などとブツブツつぶやきながらテレビシリーズを追憶するのがやはり楽しい。中二病の臭いがプンプン感じるセリフですがキリコさんまだティーンエイジャーだったから仕方ない。設定では18歳ですから名探偵コナンの灰原哀(変身前)や魔法のプリンセスミンキーモモ(変身後)と同い年ですね。おかしいだろ色々。

f:id:HueyAndDewey:20140425115642j:image

1/35スケールですから同スケールのミリタリープラモとは昔から相性が良いものです。ボトムズのミリタリー感覚としてはクメン編で描かれたようなベトナム戦争のスタイル、あるいは(同人誌関係では根強く展開されている)ギルガメスとバララント両陣営を独ソになぞらえた第二次世界大戦風などがありますが、ラビドリードッグなら現用ものが似合いそうに思われます。中国軍などには見慣れない形のAFVが色々ありますから、違和感なく情景に組み込めそうでもあり。

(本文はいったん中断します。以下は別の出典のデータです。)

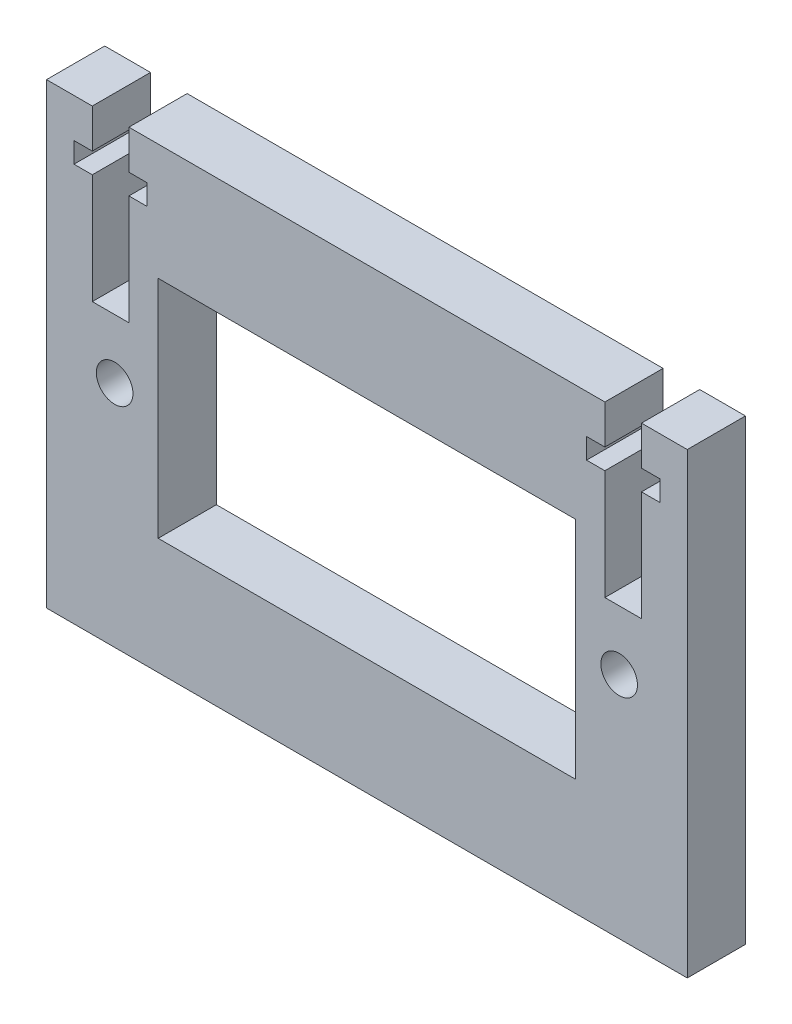
SolidWorks part; units mm, degrees
ref_plane "Front Plane" through (0, 0, 0) normal (0, 0, 1) x (1, 0, 0)
ref_plane "Top Plane" through (0, 0, 0) normal (0, 1, 0) x (1, 0, 0)
ref_plane "Right Plane" through (0, 0, 0) normal (1, 0, 0) x (0, 0, -1)
sketch "Sketch1" plane through (0, 0, 0) normal (0, 0, 1) x (1, 0, 0)
  line L1 (17.5, 12.5) -> (-17.5, 12.5)
  line L2 (17.5, 12.5) -> (17.5, -12.5)
  line L3 (17.5, -12.5) -> (-17.5, -12.5)
  line L4 (-17.5, 12.5) -> (-17.5, -12.5)
  line L5 (17.5, 12.5) -> (-17.5, -12.5) construction
  line L6 (17.5, -12.5) -> (-17.5, 12.5) construction
  point P0 (0, 0)
  dimension "D1" = 35
  dimension "D2" = 25
extrude "Boss-Extrude1" add sketch "Sketch1" along normal blind 3.18
sketch "Sketch2" plane through (0, 0, 3.18) normal (0, 0, 1) x (1, 0, 0)
  line L1 (11.4, 6.15) -> (-11.4, 6.15)
  line L2 (11.4, 6.15) -> (11.4, -6.15)
  line L3 (11.4, -6.15) -> (-11.4, -6.15)
  line L4 (-11.4, 6.15) -> (-11.4, -6.15)
  line L5 (11.4, 6.15) -> (-11.4, -6.15) construction
  line L6 (11.4, -6.15) -> (-11.4, 6.15) construction
  point P0 (0, 0)
  dimension "D1" = 22.8
  dimension "D2" = 12.3
extrude "Cut-Extrude1" cut sketch "Sketch2" against normal blind 3.18
sketch "Sketch3" plane through (0, 0, 3.18) normal (0, 0, 1) x (1, 0, 0)
  line L0 (-11.4, 6.15) -> (-11.4, -6.15) construction
  circle A0 centre (-13.78, 0) radius 1
  dimension "D1" = 2
  dimension "D2" = 2.38
extrude "Cut-Extrude2" cut sketch "Sketch3" against normal blind 3.18
mirror "Mirror1" about plane through (0, 0, 0) normal (1, 0, 0) of "Cut-Extrude2"
sketch "Sketch5" plane through (0, 0, 3.18) normal (0, 0, 1) x (1, 0, 0)
  line L0 (17.5, 12.5) -> (-17.5, 12.5) construction
  line L1 (-13, 12.5) -> (-15, 12.5)
  line L2 (-13, 12.5) -> (-13, 10.368)
  line L3 (-13, 3.248) -> (-15, 3.248)
  line L4 (-15, 12.5) -> (-15, 10.368)
  line L5 (-13, 12.5) -> (-15, 3.248) construction
  line L6 (-13, 3.248) -> (-15, 12.5) construction
  line L7 (-16, 10.368) -> (-15, 10.368)
  line L8 (-16, 10.368) -> (-16, 9.248)
  line L9 (-16, 9.248) -> (-15, 9.248)
  line L10 (-12, 10.368) -> (-12, 9.248)
  line L11 (-16, 10.368) -> (-12, 9.248) construction
  line L12 (-16, 9.248) -> (-12, 10.368) construction
  line L13 (-14, 12.5) -> (-14, 3.248) construction
  line L14 (-17.5, 12.5) -> (-17.5, -12.5) construction
  line L15 (-13, 10.368) -> (-12, 10.368)
  line L16 (-13, 9.248) -> (-13, 3.248)
  line L17 (-13, 9.248) -> (-12, 9.248)
  line L18 (-15, 9.248) -> (-15, 3.248)
  point P0 (-14, 7.874)
  point P5 (-14, 9.808)
  dimension "D1" = 2
  dimension "D2" = 4
  dimension "D3" = 1.12
  dimension "D4" = 9.252
  dimension "D5" = 6
  dimension "D6" = 2.5
extrude "Cut-Extrude4" cut sketch "Sketch5" against normal blind 3.18
mirror "Mirror2" about plane through (0, 0, 0) normal (1, 0, 0) of "Cut-Extrude4"
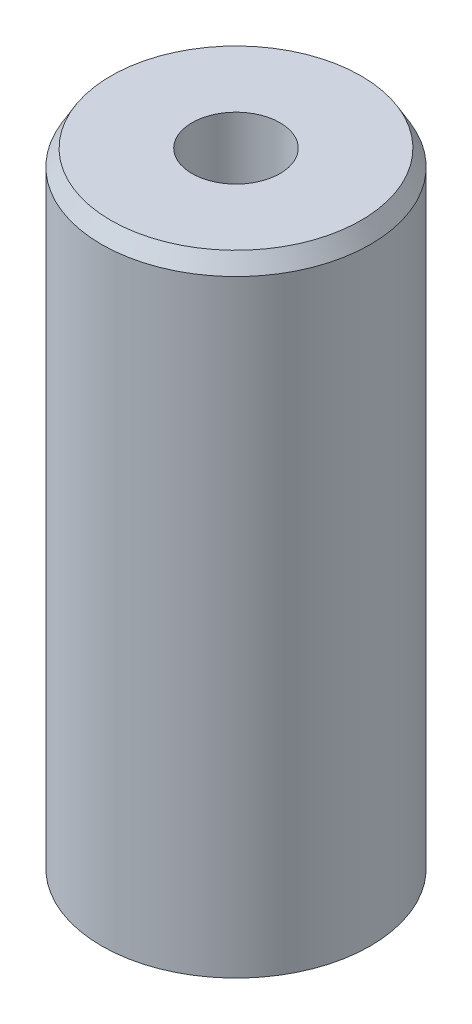
SolidWorks part; units mm, degrees
ref_plane "Front Plane" through (0, 0, 0) normal (0, 0, 1) x (1, 0, 0)
ref_plane "Top Plane" through (0, 0, 0) normal (0, 1, 0) x (1, 0, 0)
ref_plane "Right Plane" through (0, 0, 0) normal (1, 0, 0) x (0, 0, -1)
sketch "Sketch1" plane through (0, 0, 0) normal (0, 1, 0) x (1, 0, 0)
  circle A0 centre (0, 0) radius 7.5
  dimension "SHAFT_OD" = 15
extrude "Boss-Extrude1" add sketch "Sketch1" along normal blind 35.3084
sketch "Sketch2" plane through (0, 0, 0) normal (0, 1, 0) x (1, 0, 0)
  circle A0 centre (0, 0) radius 2.4576
  dimension "BORE_D" = 4.9152
extrude "Cut-Extrude1" cut sketch "Sketch2" along normal through all
chamfer "Chamfer1" distance 0.9023 angle 30 2 edges at (0, 35.3084, 7.5) (0, 0, 7.5) first distance on face at (0, 35.3084, 7.5) first distance on face at (0, 0, 2.4576)

f:id:HueyAndDewey:20140425120119j:image

股関節落として低く身構えさせるとウルトラかっちょええ!!今後もこのシリーズに多くのATがラインナップされることを願います。PS版を待ってST版には手を出してない方が居られましたらそれはちょっと勿体無いかも知れませんようむうむ。なにせこのスタンダード版では脚の動きがかなり良いのですが、降着ギミック盛り込んだPS版で両立できているかは謎であります。

f:id:HueyAndDewey:20140425120442j:image

ほんで股関節を下げて直立させると小顔長脚でHJ91年11月号の波佐本作例にそっくりなプロポーションになるんだけれど、これって意図したものなんでしょうかしら、ちょいと気になります。